How to win the world we need
by Jacob Swenson-Lengyel | Communications Lead | National People's Action/NPA Campaign
After landing at the San Francisco airport towards the end of July, I piled into a van with other organizers and activists to head into the Redwoods along the Pacific Ocean. We were coming from different parts of the country and different parts of the movement to learn and talk together about narrative change work at the Center for Story-Based Strategy’s Advanced Training.
Over the course of that week in the woods, we did a deep dive into strategic story telling. We learned about how to craft narratives that move our ideas, our values, and our campaigns forward. We also learned about different work that each of us was engaged with and were able to apply the tools and skills we were picking up to actual on the ground campaigns. Along the way, we had a blast playing extreme ro-sham-bo, building cardboard buses, and enjoying the beautiful surroundings.

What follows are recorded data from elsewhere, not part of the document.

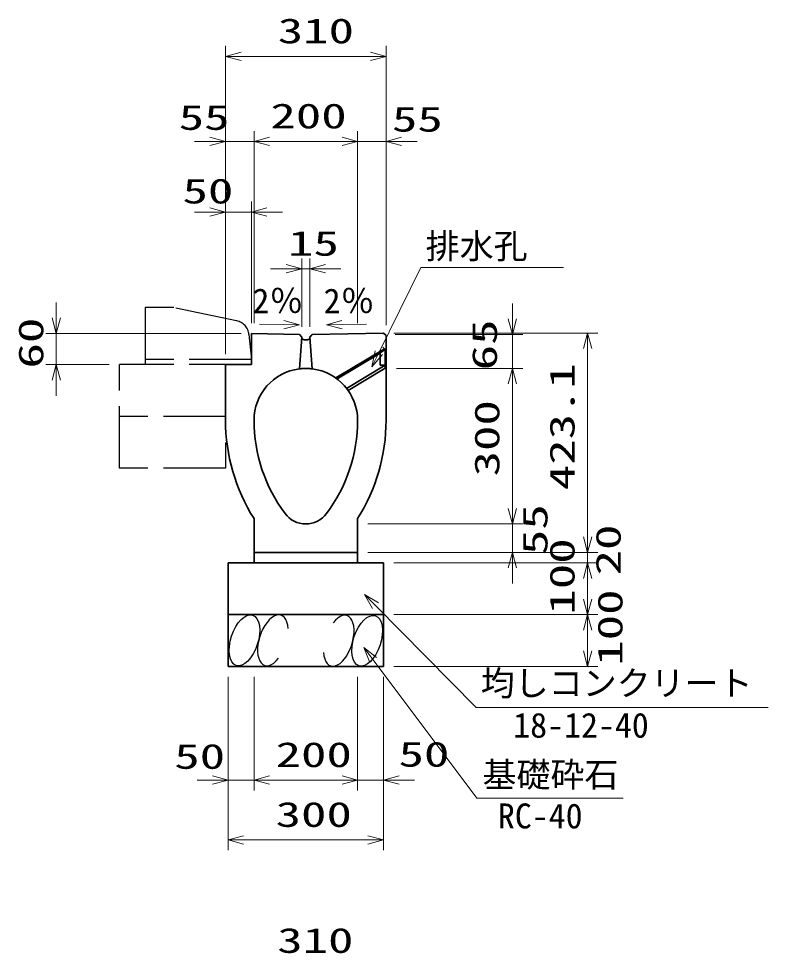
# Model space of a CAD drawing. Units: millimetres on the paper. Extents: x 15 to 1224, y 2 to 859.
# Drawn here: x 226.6 to 299, y 577.4 to 667.5 of the extents above; entities that cross this region are included whole.
import ezdxf
from ezdxf.enums import TextEntityAlignment as Align

# ---------------------------------------------------------------- set-up
doc = ezdxf.new("R2010")
doc.units = ezdxf.units.MM
doc.linetypes.add('DASHED', pattern=[7.5, 6, -1.5])
for name, color, linetype, lineweight in [('D-STR-DIM（寸法）', 7, 'Continuous', 13), ('D-STR-HTXT(均しCON-旗)', 7, 'Continuous', 13), ('D-STR-HTXT(基礎砕石-旗)', 7, 'Continuous', 13), ('D-STR-HTXT（WS-旗）', 7, 'Continuous', 13), ('D-STR-STRF(グリ)', 7, 'Continuous', 25), ('D-STR-STRF(歩車)', 7, 'DASHED', 25), ('D-STR（構造物WS）', 1, 'Continuous', 35), ('D-STR（構造物）', 1, 'Continuous', 35)]:
    doc.layers.add(name, color=color, linetype=linetype, lineweight=lineweight)
doc.styles.add('ＭＳ ゴシック', font='')
doc.styles.get('ＭＳ ゴシック').set_extended_font_data('MS Gothic')

# ---------------------------------------------------------------- blocks, each defined once
blk = doc.blocks.new('_Open30')
at = {"color": 7, "linetype": 'Continuous', "lineweight": 13}
for p, q in [((-1, 0.2679), (0, 0)), ((0, 0), (-1, -0.2679)), ((0, 0), (-1, 0))]:
    blk.add_line(p, q, dxfattribs=at)

msp = doc.modelspace()

# ---------------------------------------------------------------- linework, layer by layer
at = {"layer": 'D-STR-DIM（寸法）'}
for p, q in [((246.581, 656.693), (246.581, 664.902)), ((246.581, 656.693), (246.581, 664.902)), ((262.081, 656.693), (262.081, 664.902)), ((262.081, 656.693), (262.081, 664.902)), ((248.081, 663.902), (260.581, 663.902)), ((248.081, 663.902), (260.581, 663.902)), ((246.581, 635.161), (246.581, 656.693)), ((246.581, 635.161), (246.581, 656.693)), ((249.331, 638.156), (249.331, 656.693)), ((249.331, 638.156), (249.331, 656.693)), ((249.331, 638.156), (249.331, 656.693)), ((249.331, 638.156), (249.331, 656.693)), ((259.331, 638.156), (259.331, 656.693)), ((259.331, 638.156), (259.331, 656.693)), ((259.331, 638.156), (259.331, 656.693)), ((259.331, 638.156), (259.331, 656.693)), ((262.081, 637.961), (262.081, 656.693)), ((262.081, 637.961), (262.081, 656.693)), ((245.081, 655.693), (243.581, 655.693)), ((245.081, 655.693), (243.581, 655.693)), ((246.581, 655.693), (249.331, 655.693)), ((246.581, 655.693), (249.331, 655.693)), ((250.831, 655.693), (252.331, 655.693)), ((250.831, 655.693), (257.831, 655.693)), ((250.831, 655.693), (252.331, 655.693)), ((250.831, 655.693), (257.831, 655.693)), ((257.831, 655.693), (256.331, 655.693)), ((257.831, 655.693), (256.331, 655.693)), ((259.331, 655.693), (262.081, 655.693)), ((259.331, 655.693), (262.081, 655.693)), ((263.581, 655.693), (265.081, 655.693)), ((263.581, 655.693), (265.081, 655.693)), ((246.581, 635.161), (246.581, 649.884)), ((246.581, 635.161), (246.581, 649.884)), ((249.081, 638.161), (249.081, 649.884)), ((249.081, 638.161), (249.081, 649.884)), ((245.081, 648.884), (243.581, 648.884)), ((245.081, 648.884), (243.581, 648.884)), ((246.581, 648.884), (249.081, 648.884)), ((246.581, 648.884), (249.081, 648.884)), ((250.581, 648.884), (252.081, 648.884)), ((250.581, 648.884), (252.081, 648.884)), ((253.936, 637.812), (253.936, 644.406)), ((253.936, 637.812), (253.936, 644.406)), ((254.727, 637.796), (254.727, 644.406)), ((254.727, 637.796), (254.727, 644.406)), ((252.436, 643.406), (250.936, 643.406)), ((252.436, 643.406), (250.936, 643.406)), ((253.936, 643.406), (254.727, 643.406)), ((253.936, 643.406), (254.727, 643.406)), ((256.227, 643.406), (257.727, 643.406)), ((256.227, 643.406), (257.727, 643.406)), ((230.246, 638.661), (230.246, 640.161)), ((230.246, 638.661), (230.246, 640.161)), ((274.273, 638.568), (274.273, 640.068)), ((249.845, 638.076), (252.206, 638.028)), ((249.845, 638.076), (252.206, 638.028)), ((260.191, 638.071), (257.83, 638.024)), ((260.191, 638.071), (257.83, 638.024)), ((248.081, 637.161), (229.246, 637.161)), ((248.081, 637.161), (229.246, 637.161)), ((230.246, 634.161), (230.246, 637.161)), ((230.246, 634.161), (230.246, 637.161)), ((262.831, 637.206), (282.533, 637.206)), ((262.831, 637.206), (282.533, 637.206)), ((262.971, 637.068), (275.273, 637.068)), ((274.273, 633.791), (274.273, 637.068)), ((281.533, 617.541), (281.533, 635.706)), ((281.533, 617.541), (281.533, 635.706)), ((235.331, 634.161), (229.246, 634.161)), ((235.331, 634.161), (229.246, 634.161)), ((263.081, 633.791), (275.273, 633.791)), ((263.081, 633.791), (275.273, 633.791)), ((230.246, 632.661), (230.246, 631.161)), ((230.246, 632.661), (230.246, 631.161)), ((274.273, 620.291), (274.273, 632.291)), ((274.273, 632.291), (274.273, 630.791)), ((274.273, 620.291), (274.273, 621.791)), ((260.331, 618.791), (275.273, 618.791)), ((260.331, 618.791), (275.273, 618.791)), ((274.273, 616.041), (274.273, 618.791)), ((281.533, 617.541), (281.533, 619.041)), ((281.533, 617.541), (281.533, 619.041)), ((260.331, 616.041), (282.533, 616.041)), ((260.331, 616.041), (282.533, 616.041)), ((260.331, 616.041), (275.273, 616.041)), ((260.331, 616.041), (282.533, 616.041)), ((260.331, 616.041), (282.533, 616.041)), ((281.533, 615.041), (281.533, 616.041)), ((281.533, 615.041), (281.533, 616.041)), ((262.831, 615.041), (282.533, 615.041)), ((262.831, 615.041), (282.533, 615.041)), ((262.831, 615.041), (282.533, 615.041)), ((262.831, 615.041), (282.533, 615.041)), ((274.273, 614.541), (274.273, 613.041)), ((281.533, 611.541), (281.533, 613.541)), ((281.533, 613.541), (281.533, 612.041)), ((281.533, 611.541), (281.533, 613.541)), ((281.533, 613.541), (281.533, 612.041)), ((262.831, 610.041), (282.533, 610.041)), ((262.831, 610.041), (282.533, 610.041)), ((262.831, 610.041), (282.533, 610.041)), ((281.533, 606.541), (281.533, 608.541)), ((262.831, 605.041), (282.533, 605.041)), ((246.831, 604.041), (246.831, 593.074)), ((249.331, 604.041), (249.331, 593.074)), ((249.331, 604.041), (249.331, 593.074)), ((259.331, 604.041), (259.331, 593.074)), ((259.331, 604.041), (259.331, 593.074)), ((261.831, 604.041), (261.831, 593.074)), ((245.331, 594.074), (243.831, 594.074)), ((246.831, 594.074), (249.331, 594.074)), ((250.831, 594.074), (252.331, 594.074)), ((250.831, 594.074), (257.831, 594.074)), ((257.831, 594.074), (256.331, 594.074)), ((259.331, 594.074), (261.831, 594.074)), ((263.331, 594.074), (264.831, 594.074)), ((246.831, 593.074), (246.831, 587.3)), ((261.831, 593.074), (261.831, 587.3)), ((248.331, 588.3), (260.331, 588.3))]:
    msp.add_line(p, q, dxfattribs=at)
at = {"layer": 'D-STR-HTXT(均しCON-旗)'}
msp.add_lwpolyline([(298.979, 601.093), (270.771, 601.093), (261.048, 610.91)], dxfattribs=at)
at = {"layer": 'D-STR-HTXT(基礎砕石-旗)'}
msp.add_lwpolyline([(284.952, 592.344), (270.849, 592.344), (260.845, 605.67)], dxfattribs=at)
at = {"layer": 'D-STR-HTXT（WS-旗）'}
msp.add_lwpolyline([(279.208, 643.516), (265.419, 643.516), (261.378, 635.305)], dxfattribs=at)
at = {"layer": 'D-STR-STRF(グリ)'}
for centre, major_axis in [((248.406, 607.564), (0.79, 2.421)), ((260.255, 607.517), (-0.79, -2.421))]:
    msp.add_ellipse(centre, major_axis=major_axis, ratio=0.5139, dxfattribs=at)
for centre, major_axis in [((251.147, 607.564), (0.79, 2.421)), ((257.515, 607.517), (-0.79, -2.421))]:
    msp.add_ellipse(centre, major_axis=major_axis, ratio=0.5139, start_param=5.357556, end_param=10.375065, dxfattribs=at)
at = {"layer": 'D-STR-STRF(歩車)'}
for p, q in [((241.581, 639.661), (238.831, 639.661)), ((238.831, 639.661), (238.831, 634.161)), ((247.655, 638.386), (241.581, 639.661)), ((248.84, 637.068), (249.081, 634.661)), ((249.081, 634.161), (236.331, 634.161)), ((236.331, 624.161), (236.331, 634.161)), ((249.081, 634.661), (238.831, 634.661)), ((246.581, 634.161), (246.581, 624.161)), ((246.581, 629.161), (236.331, 629.161)), ((246.581, 624.161), (236.331, 624.161))]:
    msp.add_line(p, q, dxfattribs=at)
msp.add_arc((247.348, 636.918), 1.5, 5.71077, 78.15158, dxfattribs=at)
at = {"layer": 'D-STR（構造物WS）'}
for p, q in [((262.006, 635.611), (261.758, 635.858)), ((261.923, 635.694), (257.22, 632.872)), ((257.351, 632.776), (261.506, 635.268)), ((261.506, 635.311), (262.006, 635.611)), ((261.506, 634.111), (261.506, 635.311)), ((262.006, 633.811), (262.006, 635.611)), ((262.006, 634.111), (258.27, 631.869)), ((262.006, 634.111), (261.506, 634.111)), ((258.42, 631.668), (262.006, 633.819)), ((261.703, 633.636), (262.006, 633.811))]:
    msp.add_line(p, q, dxfattribs=at)
at = {"layer": 'D-STR（構造物）'}
for p, q in [((253.706, 637.068), (249.081, 637.161)), ((249.081, 637.161), (249.081, 634.161)), ((253.706, 637.068), (253.934, 636.814)), ((253.706, 637.068), (253.936, 636.812)), ((253.934, 636.814), (253.706, 633.752)), ((254.726, 636.814), (254.958, 633.751)), ((254.728, 636.814), (254.956, 637.068)), ((254.728, 636.814), (254.956, 637.068)), ((254.956, 637.068), (261.831, 637.206)), ((261.831, 637.206), (262.081, 636.961)), ((262.081, 636.961), (262.081, 628.791)), ((246.581, 634.161), (246.581, 628.791)), ((249.081, 634.161), (246.581, 634.161)), ((249.331, 619.301), (249.331, 616.041)), ((259.331, 616.041), (259.331, 619.301)), ((249.331, 615.041), (249.331, 617.131)), ((249.331, 616.041), (259.331, 616.041)), ((259.331, 615.996), (259.331, 614.996)), ((246.831, 615.041), (261.831, 615.041)), ((246.831, 615.041), (246.831, 605.041)), ((261.831, 605.041), (261.831, 615.041)), ((246.831, 610.041), (261.831, 610.041)), ((246.831, 605.041), (261.831, 605.041))]:
    msp.add_line(p, q, dxfattribs=at)
at = {"layer": 'D-STR（構造物）', "linetype": 'DASHED'}
for p in [(254.186, 636.564), (254.476, 636.564)]:
    msp.add_line(p, (254.331, 636.564), dxfattribs=at)
for centre, radius, start, end in [((254.184, 636.814), 0.25, 179.93762, 270), ((254.478, 636.814), 0.25, 270, 0.06238), ((254.33, 628.78), 5.011, 82.82494, 97.15522)]:
    msp.add_arc(centre, radius, start, end, dxfattribs=at)
at = {"layer": 'D-STR（構造物）'}
for centre, radius, start, end in [((254.331, 628.791), 5, 97.18519, 179.99805), ((254.331, 628.791), 5, 0, 82.81926), ((264.331, 628.791), 17.75, 180, 212.32053), ((264.331, 628.791), 15, 180, 216.86989), ((244.331, 628.791), 15, 323.1301, 0), ((244.331, 628.791), 17.75, 327.67947, 0), ((254.331, 621.291), 2.5, 216.86987, 323.13013)]:
    msp.add_arc(centre, radius, start, end, dxfattribs=at)

# ---------------------------------------------------------------- block references
at = {"layer": 'D-STR-DIM（寸法）', "xscale": 1.5, "yscale": 1.5}
for p, rotation in [((246.581, 663.902), 180), ((246.581, 663.902), 180), ((249.331, 655.693), 180), ((249.331, 655.693), 180), ((249.331, 655.693), 180), ((249.331, 655.693), 180), ((262.081, 655.693), 180), ((262.081, 655.693), 180), ((249.081, 648.884), 180), ((249.081, 648.884), 180), ((254.727, 643.406), 180), ((254.727, 643.406), 180), ((230.246, 637.161), 270), ((230.246, 637.161), 270), ((253.706, 637.998), 358.85424), ((253.706, 637.998), 358.85424), ((256.33, 637.994), 181.14576), ((256.33, 637.994), 181.14576), ((274.273, 637.068), 270), ((281.533, 637.206), 90), ((281.533, 637.206), 90), ((230.246, 634.161), 90), ((230.246, 634.161), 90), ((274.273, 633.791), 90), ((274.273, 633.791), 90), ((274.273, 618.791), 270), ((274.273, 618.791), 270), ((281.533, 616.041), 270), ((281.533, 616.041), 270), ((281.533, 616.041), 270), ((281.533, 616.041), 270), ((274.273, 616.041), 90), ((281.533, 615.041), 90), ((281.533, 615.041), 90), ((281.533, 615.041), 90), ((281.533, 615.041), 90), ((281.533, 610.041), 270), ((281.533, 610.041), 270), ((281.533, 610.041), 90), ((281.533, 605.041), 270), ((249.331, 594.074), 180), ((249.331, 594.074), 180), ((261.831, 594.074), 180), ((246.831, 588.3), 180)]:
    msp.add_blockref('_Open30', p, dxfattribs=dict(at, rotation=rotation))
for p in [(262.081, 663.902), (262.081, 663.902), (246.581, 655.693), (246.581, 655.693), (259.331, 655.693), (259.331, 655.693), (259.331, 655.693), (259.331, 655.693), (246.581, 648.884), (246.581, 648.884), (253.936, 643.406), (253.936, 643.406), (246.831, 594.074), (259.331, 594.074), (259.331, 594.074), (261.831, 588.3)]:
    msp.add_blockref('_Open30', p, dxfattribs=at)
at = {"layer": 'D-STR-HTXT(均しCON-旗)', "xscale": 1.5, "yscale": 1.5, "rotation": 134.72505}
msp.add_blockref('_Open30', (259.992, 611.976), dxfattribs=at)
at = {"layer": 'D-STR-HTXT(基礎砕石-旗)', "xscale": 1.5, "yscale": 1.5, "rotation": 126.89552}
msp.add_blockref('_Open30', (259.944, 606.87), dxfattribs=at)
at = {"layer": 'D-STR-HTXT（WS-旗）', "xscale": 1.5, "yscale": 1.5, "rotation": 243.798}
msp.add_blockref('_Open30', (260.716, 633.959), dxfattribs=at)

# ---------------------------------------------------------------- texts
at = {"layer": 'D-STR-DIM（寸法）', "style": 'ＭＳ ゴシック', "width": 1.5}
for s, p in [('310', (251.622, 664.439)), ('310', (251.622, 664.439)), ('200', (250.914, 656.231)), ('200', (250.914, 656.231)), ('55', (242.062, 656.087)), ('55', (242.062, 656.087)), ('55', (262.646, 655.917)), ('55', (262.646, 655.917)), ('50', (242.43, 648.986)), ('50', (242.43, 648.986)), ('15', (252.618, 643.943)), ('15', (252.618, 643.943)), ('50', (241.633, 594.441)), ('200', (251.414, 594.611)), ('50', (263.283, 594.649)), ('300', (251.414, 588.838)), ('310', (251.571, 576.681))]:
    msp.add_text(s, height=2.405, dxfattribs=at).set_placement(p, align=Align.BOTTOM_LEFT)
at = {"layer": 'D-STR-DIM（寸法）', "style": 'ＭＳ ゴシック'}
for rotation, p in [(0.01, (249.178, 638.387)), (0.01, (249.178, 638.387)), (359.99, (256.046, 638.383)), (359.99, (256.046, 638.383))]:
    msp.add_text('2％', height=2.405, rotation=rotation, dxfattribs=at).set_placement(p, align=Align.BOTTOM_LEFT)
at = {"layer": 'D-STR-DIM（寸法）', "style": 'ＭＳ ゴシック', "width": 1.5}
for s, p in [('60', (229.709, 633.786)), ('60', (229.709, 633.786)), ('65', (273.507, 633.612)), ('423.1', (280.996, 622.04)), ('423.1', (280.996, 622.04)), ('300', (273.736, 623.374)), ('55', (278.382, 615.783)), ('20', (285.448, 613.823)), ('20', (285.448, 613.823)), ('100', (280.996, 610.041)), ('100', (280.996, 610.041)), ('100', (285.62, 605.108))]:
    msp.add_text(s, height=2.405, rotation=90, dxfattribs=at).set_placement(p, align=Align.BOTTOM_LEFT)
at = {"layer": 'D-STR-HTXT(均しCON-旗)', "style": 'ＭＳ ゴシック'}
for s, p in [('均しコンクリート', (271.218, 601.504)), ('18-12-40', (274.352, 597.443))]:
    msp.add_text(s, height=2.405, dxfattribs=at).set_placement(p, align=Align.BOTTOM_LEFT)
at = {"layer": 'D-STR-HTXT(基礎砕石-旗)', "style": 'ＭＳ ゴシック'}
for s, p in [('基礎砕石', (271.384, 592.678)), ('RC-40', (272.872, 588.693))]:
    msp.add_text(s, height=2.405, dxfattribs=at).set_placement(p, align=Align.BOTTOM_LEFT)
at = {"layer": 'D-STR-HTXT（WS-旗）', "style": 'ＭＳ ゴシック'}
msp.add_text('排水孔', height=2.405, dxfattribs=at).set_placement((265.9, 643.668), align=Align.BOTTOM_LEFT)

doc.saveas('drawing.dxf')

I returned home inspired to make use of what I’d learned.
At the time, National People’s Action was in the process of launching our environmental justice campaign around the Clean Power Plan. In early September, our team scheduled a two-day meeting to discuss our overall strategy. A week or two before the meeting, I was talking with Joseph Phalen about how best to prepare the team do the “Battle of the Story” exercise together and we hit on the idea of doing a Narrative Power Analysis.
I’d picked up the idea of “Narrative Power Analysis” during the summer, but for our campaign, I decided it’d be best to do something that was a hybrid between a traditional media sentiment analysis and a narrative power analysis that deconstructed common elements across a number of news stories.
Initially, I focused on a six-week period of coverage, but after talking with our environmental justice campaign team, I decided to continue monitoring media through the end of the year and release the findings as a report to open up a dialogue with other groups working on the Clean Power Plan about how we can challenge the dominant opposition narrative, particularly when it comes to the potential impact of the plan on low-income people and people of color.
Now that the report is complete, I’m looking forward to designing communications that apply what we’ve discovered and to working with our affiliates to get our story out there. I’m grateful that the Center for Story-Based Strategy exposed me to the practice of Narrative Power Analysis along with so many other fantastic tools.
They are helping us wage better fights and I believe they are crucial for helping us win the world we need.